Indeed, over the years the sheer length of the Tour de France has served to undermine what made it so captivating in the first place. In the beginning, the race was about self-sufficiency. Pretty much anyone could enter (provided they were male), and organizer Henri Desgrange staunchly opposed the undue influence of teams, technology, and bicycle manufacturers. Today, teams with annual budgets in the tens of millions of dollars support and insulate the leaders, and the result is predictability and a race dominated by dynasties and winning machines. It's Wall Street on wheels, and if the favorite doesn't win these days it's usually a matter of dumb luck. Sure, success begets success and you can't expect riders and teams not to use all the resources at their disposal to win, but it's undeniable that the fans are ultimately the ones who pay the price.
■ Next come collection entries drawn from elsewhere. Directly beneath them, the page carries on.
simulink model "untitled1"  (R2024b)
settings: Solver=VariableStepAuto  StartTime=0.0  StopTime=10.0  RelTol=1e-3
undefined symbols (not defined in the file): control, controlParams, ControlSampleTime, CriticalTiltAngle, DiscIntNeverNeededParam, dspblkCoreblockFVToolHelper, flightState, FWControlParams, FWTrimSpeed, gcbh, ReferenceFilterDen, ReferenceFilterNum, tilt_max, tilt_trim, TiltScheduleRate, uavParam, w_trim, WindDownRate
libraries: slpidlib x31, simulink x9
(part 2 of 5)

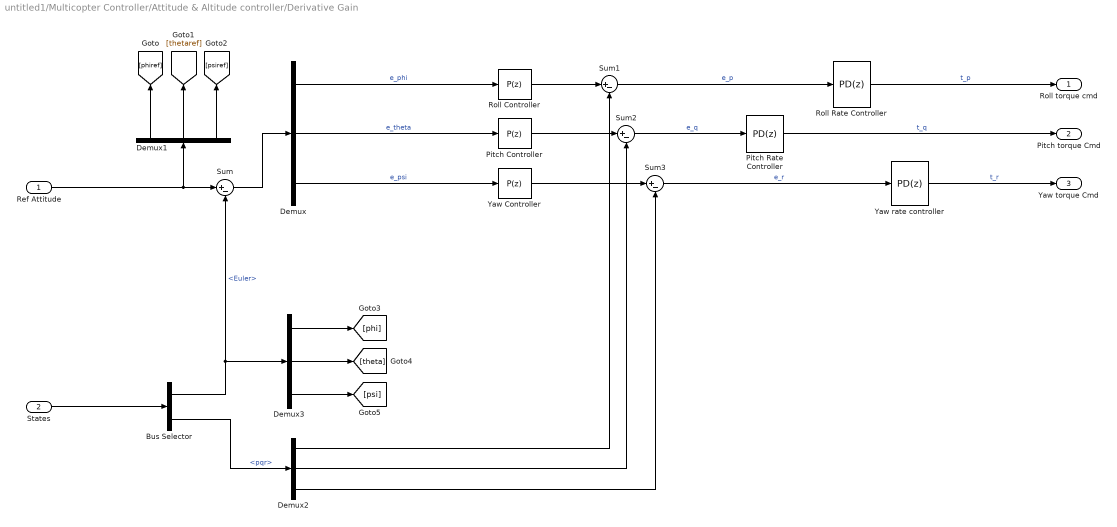
== system untitled1/Multicopter Controller/Attitude & Altitude controller/Derivative Gain ==
  Ref Attitude : Inport
  States : Inport  Port=2
  Bus Selector : BusSelector  OutputSignals=Euler,pqr
  Demux{,1..3} (4 alike) : Demux  Outputs=3
  Pitch Controller : slpidlib/PID Controller  Controller=P  Form=Parallel  TimeDomain=Discrete-time  UseExternalTs=off  SampleTime=0.005  IntegratorMethod=Forward Euler  FilterMethod=Forward Euler  ControllerParametersSource=internal  P=controlParams.P_PITCH  I=0.005  UseKiTs=on  D=1.47243904216696  UseExternalDerivativeSource=off  N=36.4796619058829  UseFilter=on  TunerSelectOption=Transfer Function Based (PID Tuner App)  InitialConditionSource=internal  InitialConditionForIntegrator=0  InitialConditionForFilter=0  DifferentiatorICPrevScaledInput=0  ExternalReset=none  TrackingMode=off  Kt=1  LimitOutput=off  SatLimitsSource=internal  UpperSaturationLimit=inf  LowerSaturationLimit=-inf  LinearizeAsGain=on  AntiWindupMode=none  Kb=1  LimitIntegrator=off  UpperIntegratorSaturationLimit=inf  LowerIntegratorSaturationLimit=-inf  POutMin=[]  POutMax=[]  IOutMin=[]  IOutMax=[]  DOutMin=[]  DOutMax=[]  NOutMin=[]  NOutMax=[]  SumOutMin=[]  SumOutMax=[]  SaturationOutMin=[]  SaturationOutMax=[]  PParamMin=[]  PParamMax=[]  IParamMin=[]  IParamMax=[]  DParamMin=[]  DParamMax=[]  NParamMin=[]  NParamMax=[]  KbParamMin=[]  KbParamMax=[]  KtParamMin=[]  KtParamMax=[]  KbOutMin=[]  KbOutMax=[]  KtOutMin=[]  KtOutMax=[]  IntegratorOutMin=[]  IntegratorOutMax=[]  FilterOutMin=[]  FilterOutMax=[]  SumI1OutMin=[]  SumI1OutMax=[]  SumI2OutMin=[]  SumI2OutMax=[]  SumI3OutMin=[]  SumI3OutMax=[]  SumI4OutMin=[]  SumI4OutMax=[]  SumDOutMin=[]  SumDOutMax=[]  DifferentiatorOutMin=[]  DifferentiatorOutMax=[]  FilterDiffOutCoefMin=[]  FilterDiffOutCoefMax=[]  ReciprocalOutMin=[]  ReciprocalOutMax=[]  SumDenOutMin=[]  SumDenOutMax=[]  SumNumOutMin=[]  SumNumOutMax=[]  DivideOutMin=[]  DivideOutMax=[]  UdiffTsProdOutMin=[]  UdiffTsProdOutMax=[]  NTsProdOutMin=[]  NTsProdOutMax=[]  UintegralTsProdOutMin=[]  UintegralTsProdOutMax=[]  UngainTsProdOutMin=[]  UngainTsProdOutMax=[]  ClampingZeroOutDataTypeStr=Inherit: Inherit via back propagation  ClampingZeroOutMin=[]  ClampingZeroOutMax=[]  FilterDenConstantOutDataTypeStr=Inherit: Inherit via back propagation  FilterDenConstantOutMin=[]  FilterDenConstantOutMax=[]  PCopyOutDataTypeStr=Inherit: Inherit via back propagation  PCopyOutMin=[]  PCopyOutMax=[]  NCopyOutDataTypeStr=Inherit: Inherit via back propagation  NCopyOutMin=[]  NCopyOutMax=[]  IntegratorContinuousStateAttributes=''  IntegratorStateMustResolveToSignalObject=off  IntegratorRTWStateStorageClass=Auto  FilterContinuousStateAttributes=''  FilterStateMustResolveToSignalObject=off  FilterRTWStateStorageClass=Auto  ParallelPVariant=InternalParameters  IdealPVariant=Disabled  IVariant=Disabled  DVariant=Disabled  IntegratorVariant=Disabled  SatVariant=Disabled  AWVariant=Disabled  PCopyVariant=Disabled  TRVariant=Disabled  FdbkBlocksVariant=Forward  IdealPFdbkVariant=Disabled  SatFdbkVariant=Disabled  DerivativeFilterVariant=Disabled  NVariant=Disabled  NCopyVariant=Disabled_SignalSpec  FilterICVariant=Disabled  IntegratorICVariant=Disabled  ExternalResetVariant=Disabled  TRSumVariant=Passthrough  SumFdbkVariant=Disabled  SumVariant=Passthrough_P  TsampFilterVariant=InternalTs  TsampNgainVariant=Passthrough  TsampIntegralVariant=Disabled_SignalSpec  ExternalSaturationOutDataTypeStr=Inherit: Same as second input  DerivativeSourceVariant=Disabled  PreIntVariant=InternalPreInt
  Pitch Rate Controller : slpidlib/PID Controller  Controller=PD  Form=Parallel  TimeDomain=Discrete-time  UseExternalTs=off  SampleTime=0.005  IntegratorMethod=Forward Euler  FilterMethod=Forward Euler  ControllerParametersSource=internal  P=controlParams.P_PITCH_RATE  I=controlParams.I_PITCH_RATE*0  UseKiTs=off  D=controlParams.D_PITCH_RATE  UseExternalDerivativeSource=off  N=controlParams.N_PITCH_RATE  UseFilter=on  TunerSelectOption=Transfer Function Based (PID Tuner App)  InitialConditionSource=internal  InitialConditionForIntegrator=0  InitialConditionForFilter=0  DifferentiatorICPrevScaledInput=0  ExternalReset=none  TrackingMode=off  Kt=1  LimitOutput=off  SatLimitsSource=internal  UpperSaturationLimit=inf  LowerSaturationLimit=-inf  LinearizeAsGain=on  AntiWindupMode=none  Kb=1  LimitIntegrator=off  UpperIntegratorSaturationLimit=inf  LowerIntegratorSaturationLimit=-inf  POutMin=[]  POutMax=[]  IOutMin=[]  IOutMax=[]  DOutMin=[]  DOutMax=[]  NOutMin=[]  NOutMax=[]  SumOutMin=[]  SumOutMax=[]  SaturationOutMin=[]  SaturationOutMax=[]  PParamMin=[]  PParamMax=[]  IParamMin=[]  IParamMax=[]  DParamMin=[]  DParamMax=[]  NParamMin=[]  NParamMax=[]  KbParamMin=[]  KbParamMax=[]  KtParamMin=[]  KtParamMax=[]  KbOutMin=[]  KbOutMax=[]  KtOutMin=[]  KtOutMax=[]  IntegratorOutMin=[]  IntegratorOutMax=[]  FilterOutMin=[]  FilterOutMax=[]  SumI1OutMin=[]  SumI1OutMax=[]  SumI2OutMin=[]  SumI2OutMax=[]  SumI3OutMin=[]  SumI3OutMax=[]  SumI4OutMin=[]  SumI4OutMax=[]  SumDOutMin=[]  SumDOutMax=[]  DifferentiatorOutMin=[]  DifferentiatorOutMax=[]  FilterDiffOutCoefMin=[]  FilterDiffOutCoefMax=[]  ReciprocalOutMin=[]  ReciprocalOutMax=[]  SumDenOutMin=[]  SumDenOutMax=[]  SumNumOutMin=[]  SumNumOutMax=[]  DivideOutMin=[]  DivideOutMax=[]  UdiffTsProdOutMin=[]  UdiffTsProdOutMax=[]  NTsProdOutMin=[]  NTsProdOutMax=[]  UintegralTsProdOutMin=[]  UintegralTsProdOutMax=[]  UngainTsProdOutMin=[]  UngainTsProdOutMax=[]  ClampingZeroOutDataTypeStr=Inherit: Inherit via back propagation  ClampingZeroOutMin=[]  ClampingZeroOutMax=[]  FilterDenConstantOutDataTypeStr=Inherit: Inherit via back propagation  FilterDenConstantOutMin=[]  FilterDenConstantOutMax=[]  PCopyOutDataTypeStr=Inherit: Inherit via back propagation  PCopyOutMin=[]  PCopyOutMax=[]  NCopyOutDataTypeStr=Inherit: Inherit via back propagation  NCopyOutMin=[]  NCopyOutMax=[]  IntegratorContinuousStateAttributes=''  IntegratorStateMustResolveToSignalObject=off  IntegratorRTWStateStorageClass=Auto  FilterContinuousStateAttributes=''  FilterStateMustResolveToSignalObject=off  FilterRTWStateStorageClass=Auto  ParallelPVariant=InternalParameters  IdealPVariant=Disabled  IVariant=Disabled  DVariant=InternalParameters  IntegratorVariant=Disabled  SatVariant=Disabled  AWVariant=Disabled  PCopyVariant=Disabled  TRVariant=Disabled  FdbkBlocksVariant=Forward  IdealPFdbkVariant=Disabled  SatFdbkVariant=Disabled  DerivativeFilterVariant=ForwardEulerFilter  NVariant=InternalParameters  NCopyVariant=Disabled  FilterICVariant=InternalICsFilter  IntegratorICVariant=Disabled  ExternalResetVariant=Disabled  TRSumVariant=Passthrough  SumFdbkVariant=Disabled  SumVariant=Sum_PD  TsampFilterVariant=InternalTs  TsampNgainVariant=Passthrough  TsampIntegralVariant=Disabled_SignalSpec  ExternalSaturationOutDataTypeStr=Inherit: Same as second input  DerivativeSourceVariant=ErrorSignal  PreIntVariant=InternalPreInt
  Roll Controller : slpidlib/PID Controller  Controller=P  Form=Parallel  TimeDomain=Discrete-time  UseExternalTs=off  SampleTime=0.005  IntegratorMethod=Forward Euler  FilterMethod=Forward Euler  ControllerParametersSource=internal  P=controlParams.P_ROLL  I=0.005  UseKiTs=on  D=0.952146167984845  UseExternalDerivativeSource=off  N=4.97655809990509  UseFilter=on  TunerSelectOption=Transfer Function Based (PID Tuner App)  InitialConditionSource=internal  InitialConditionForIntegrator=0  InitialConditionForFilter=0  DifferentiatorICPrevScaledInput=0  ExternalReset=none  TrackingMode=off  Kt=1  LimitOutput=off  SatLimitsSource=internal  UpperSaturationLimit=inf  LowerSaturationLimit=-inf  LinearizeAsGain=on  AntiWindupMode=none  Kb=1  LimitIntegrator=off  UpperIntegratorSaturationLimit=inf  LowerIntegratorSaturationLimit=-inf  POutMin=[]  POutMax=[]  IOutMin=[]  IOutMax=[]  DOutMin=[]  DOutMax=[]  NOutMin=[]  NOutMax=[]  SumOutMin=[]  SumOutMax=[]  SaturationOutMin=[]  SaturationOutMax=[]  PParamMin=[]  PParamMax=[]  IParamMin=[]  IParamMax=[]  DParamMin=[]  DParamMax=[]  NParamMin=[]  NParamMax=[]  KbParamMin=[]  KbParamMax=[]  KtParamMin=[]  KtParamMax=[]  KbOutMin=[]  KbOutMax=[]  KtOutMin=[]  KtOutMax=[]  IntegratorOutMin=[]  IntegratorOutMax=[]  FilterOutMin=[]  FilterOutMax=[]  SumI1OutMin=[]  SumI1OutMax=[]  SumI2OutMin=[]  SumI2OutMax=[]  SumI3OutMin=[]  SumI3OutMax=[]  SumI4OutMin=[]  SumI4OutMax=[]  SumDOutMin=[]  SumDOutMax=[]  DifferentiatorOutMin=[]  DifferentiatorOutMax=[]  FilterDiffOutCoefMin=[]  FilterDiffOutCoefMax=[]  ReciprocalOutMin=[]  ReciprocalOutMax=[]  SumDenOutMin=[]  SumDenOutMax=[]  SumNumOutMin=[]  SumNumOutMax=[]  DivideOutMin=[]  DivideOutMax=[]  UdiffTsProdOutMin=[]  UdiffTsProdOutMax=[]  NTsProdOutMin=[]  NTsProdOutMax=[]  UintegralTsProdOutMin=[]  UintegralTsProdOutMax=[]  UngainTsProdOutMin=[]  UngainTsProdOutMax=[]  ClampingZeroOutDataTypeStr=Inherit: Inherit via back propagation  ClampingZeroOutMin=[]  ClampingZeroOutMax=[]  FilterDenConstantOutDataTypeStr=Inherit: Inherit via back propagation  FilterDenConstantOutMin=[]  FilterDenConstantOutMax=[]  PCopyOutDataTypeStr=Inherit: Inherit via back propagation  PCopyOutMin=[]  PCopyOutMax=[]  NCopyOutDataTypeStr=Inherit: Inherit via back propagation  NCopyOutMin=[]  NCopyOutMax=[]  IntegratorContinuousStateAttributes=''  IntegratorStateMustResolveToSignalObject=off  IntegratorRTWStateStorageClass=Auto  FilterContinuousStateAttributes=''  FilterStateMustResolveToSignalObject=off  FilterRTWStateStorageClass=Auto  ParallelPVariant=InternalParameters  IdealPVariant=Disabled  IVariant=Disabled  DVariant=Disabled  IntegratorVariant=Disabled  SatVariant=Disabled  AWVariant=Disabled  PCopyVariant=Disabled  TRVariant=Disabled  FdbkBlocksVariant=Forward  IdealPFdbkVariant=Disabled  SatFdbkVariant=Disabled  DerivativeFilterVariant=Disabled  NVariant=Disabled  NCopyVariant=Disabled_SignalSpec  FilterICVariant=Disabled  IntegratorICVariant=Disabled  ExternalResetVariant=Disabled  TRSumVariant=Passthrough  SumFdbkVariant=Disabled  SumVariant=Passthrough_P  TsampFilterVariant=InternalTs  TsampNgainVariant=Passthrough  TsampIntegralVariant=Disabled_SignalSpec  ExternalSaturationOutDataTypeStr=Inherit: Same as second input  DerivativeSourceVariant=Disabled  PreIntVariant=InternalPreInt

(Come on, does anybody actually like Team Sky? Sure, I see people riding in the jerseys, but I always assume they think it refers to the vodka.)

Length isn't the Tour de France's only problem. It's also how the organizers use that time. Wimbledon has 26 years on the Tour and also takes up a decent chunk of July, but it features both men's and women's competitions in a variety of formats. Meanwhile, with the whole world watching, the Tour organizers only offer women “La Course by Le Tour de France,” a one-day race which sounds more like a fragrance branding exercise than a counterpart to the most prestigious bike race in the world. Beyond that, the only way for a woman to get on the podium of the Tour de France is as a “Tour hostess.”

It's Wall Street on wheels, and if the favorite doesn't win these days it's usually a matter of dumb luck.

Of course nobody would ever suggest that the Tour de France should pack up its inflatable flammes rouges and go home. Its history is far too rich, and its best stories have yet to be written. Even those of us who have gradually decoupled from the Tour over the years would miss it, for the race is as much a part of summer as the sound of crickets in the evening. (I live in New York City and use an electronic device that generates cricket sounds, but then again I also use one to follow the Tour, so the comparison still stands.)

At the same time, for all the fuss over modern stuff like electronic transmissions and disc brakes, the Tour de France is more of a procession than a bike race, and it's an ultra-orthodox one at that. We'll probably never see a woman Tour winner just as we'll never see a woman Pope, but in a way it doesn't matter.

Let the Tour be the quaint church bells in the distance but invest your time in the events that reflect who we are and how we're riding now: the cyclocross races, the gravel grinders, the fixie crits, or whatever else it is those wacky millennials are doing nowadays. The stage race was created to sell newspapers, but we live in the digital age, and one of these days some new race is going to come along and out-click it. 

Or, better yet, just ride your bike. Sure, racing's fine, but you can't truly enjoy a ride without stopping.